Les entrevues ont été menées en personne ou par téléphone entre le 14 février et le 8 mai 2019. Chaque entretien a duré 60 minutes en moyenne.

Mise en garde au sujet des études qualitatives

La consultation reposait sur une méthode qualitative et visait à dégager une vaste gamme d'opinions et d'interprétations plutôt que de mesurer le pourcentage de la population cible qui a une opinion donnée. Ainsi, les constatations donnent une idée de l'opinion des participants à propos des questions étudiées, mais ne peuvent être généralisées à l'ensemble des cadres supérieurs des institutions de dépôts réglementées par le BSIF. Les constatations indiquent plutôt des thèmes et une orientation. Elles ne peuvent être utilisées pour estimer le pourcentage ou le nombre de personnes qui ont une opinion particulière, car elles ne sont pas statistiquement projetables.

Principales conclusions

Impressions générales

Satisfaction à l'égard de la prestation du BSIF en qualité de principal organisme de réglementation et de surveillance prudentielle du secteur des services financiers du Canada

  • La satisfaction à l'égard du BSIF est généralisée. Voici quelques exemples de perception positive.
    • Le BSIF est un organisme de réglementation et de surveillance fondé sur des principes, ce qui permet à toutes les ID de donner suite aux consignes en fonction de leur nature, de leur taille et de leur complexité. Les répondants qui ont de l'expérience avec les organismes de réglementation d'autres pays ont souvent indiqué qu'ils préféraient cela à la réglementation davantage fondée sur des règles appliquée dans certains autres pays.
    • Les relations de travail avec l'équipe de surveillance du BSIF sont bonnes. Les surveillants sont bien informés et professionnels et ils participent à l'établissement de relations avec l'ID.
    • La communication est efficace. Le BSIF est facilement accessible, réceptif et professionnel. La communication est franche, ouverte et constructive. Le BSIF communique clairement ses attentes.
    • Le BSIF dispose de processus efficaces pour consulter l'industrie.
    • Le BSIF est un organisme de réglementation prudentielle efficace qui veille à la solidité du secteur canadien des institutions de dépôts.

Accent sur les secteurs de risque

  • On estime que le BSIF concentre ses efforts sur de nombreux secteurs de risque pertinents. Il s'agit notamment de ce que certains ont décrit comme ses secteurs de risque « traditionnels » et de ceux dont il a été question dans les consignes récemment diffusées ou mises à jour.
  • L'évaluation du BSIF est plus mitigée quant à sa proactivité face aux nouveaux enjeux.
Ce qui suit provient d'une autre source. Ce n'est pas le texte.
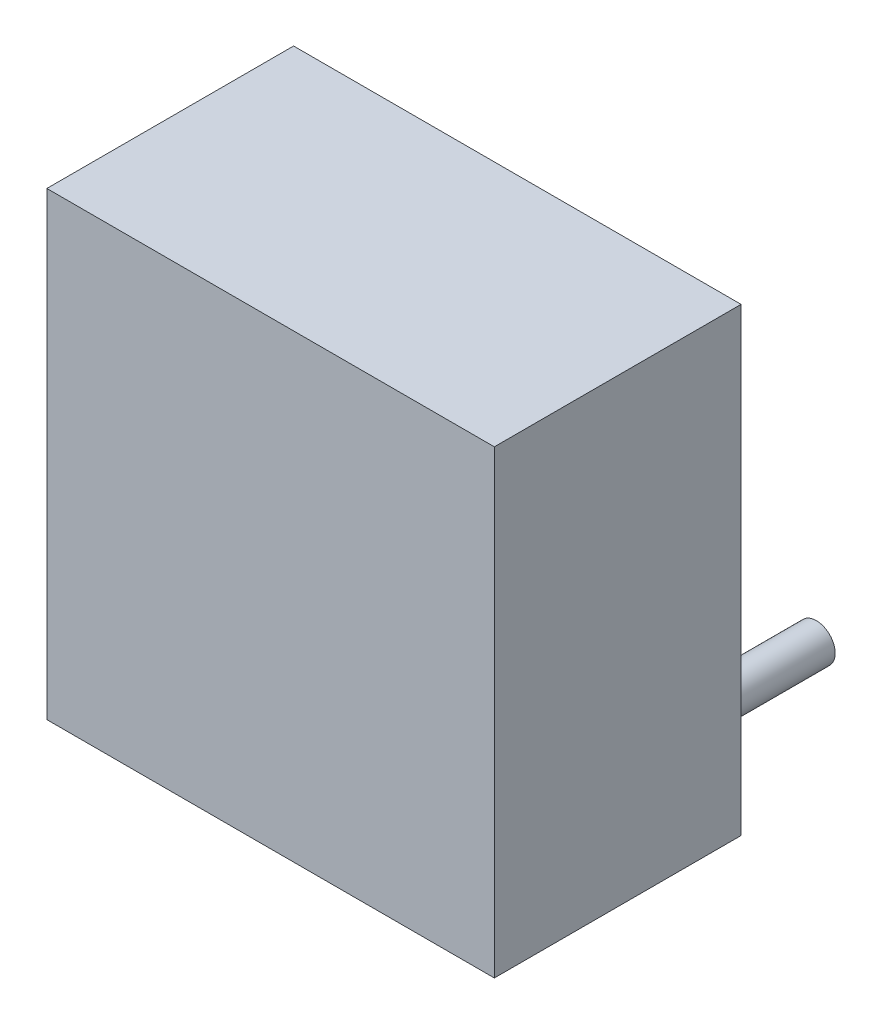
from build123d import *

# Parameters (mm, degrees)
SKETCH1_W           = 10.7
SKETCH1_H           = 11
BOSS_EXTRUDE1_DEPTH = 5.9
SKETCH2_R           = 0.45
BOSS_EXTRUDE2_DEPTH = 3.4


with BuildPart() as part:
    # Sketch1 → Boss-Extrude1 (new body)
    with BuildSketch(Plane.XY):
        Rectangle(SKETCH1_W, SKETCH1_H)
    extrude(amount=BOSS_EXTRUDE1_DEPTH)

    # Sketch2 → Boss-Extrude2 (add)
    with BuildSketch(Plane(origin=(0, 0, 0), x_dir=(-1, 0, 0), z_dir=(0, 0, -1))):
        with Locations((-3.75, -4)):
            Circle(SKETCH2_R)
        with Locations((-1.25, -4)):
            Circle(SKETCH2_R)
        with Locations((1.25, -4)):
            Circle(SKETCH2_R)
        with Locations((3.75, -4)):
            Circle(SKETCH2_R)
    extrude(amount=BOSS_EXTRUDE2_DEPTH)


solid = part.part

Le BSIF est perçu comme étant proactif dans certains domaines, mais presque tous les participants ont fait des suggestions sur les secteurs où le BSIF doit faire plus que ce qu'il a fait jusqu'à présent.
  • Possibilités d'amélioration : Les deux priorités les plus souvent suggérées pour le BSIF au cours des deux prochaines années sont les suivantes :
    • Cybersécurité et technologies émergentes : Bien que le BSIF soit perçu comme ayant mis l'accent sur ce domaine très important de façon utile et comme ayant mis en place des ressources, il doit continuer à y porter attention et à renforcer la capacité de surveiller les risques qui en découlent.
    • Certains ont exprimé des préoccupations au sujet de la capacité du BSIF d'être concurrentiel pour attirer des personnes possédant une solide expertise en technologie et en services bancaires afin de composer avec l'ampleur de ces problèmes.
    • On suggère de mettre à jour les consignes sur le risque d'impartition, le risque lié aux tiers et le risque opérationnel pour tenir compte de l'impact et du rôle des technologies émergentes.
    • Il a également été suggéré que le BSIF doit faire davantage pour coordonner les cyberrisques avec d'autres autorités gouvernementales, car les cyberrisques à l'extérieur du secteur financier sous réglementation fédérale peuvent avoir une incidence sur le secteur.
    • Secteur financier non réglementé : Les « services bancaires parallèles » ont été largement mentionnés, particulièrement dans le contexte des prêts hypothécaires, tout comme les « technologies financières ». Par définition, il est reconnu que le BSIF n'a pas d'autorité réglementaire sur ces entités. Néanmoins, parce que le risque dans ces secteurs non réglementés peut causer des problèmes systémiques, les participants ont suggéré que le BSIF devrait au moins surveiller le risque dans le secteur non réglementé afin de déterminer si et comment cela pourrait influer sur le risque pour les institutions financières fédérales (IFF).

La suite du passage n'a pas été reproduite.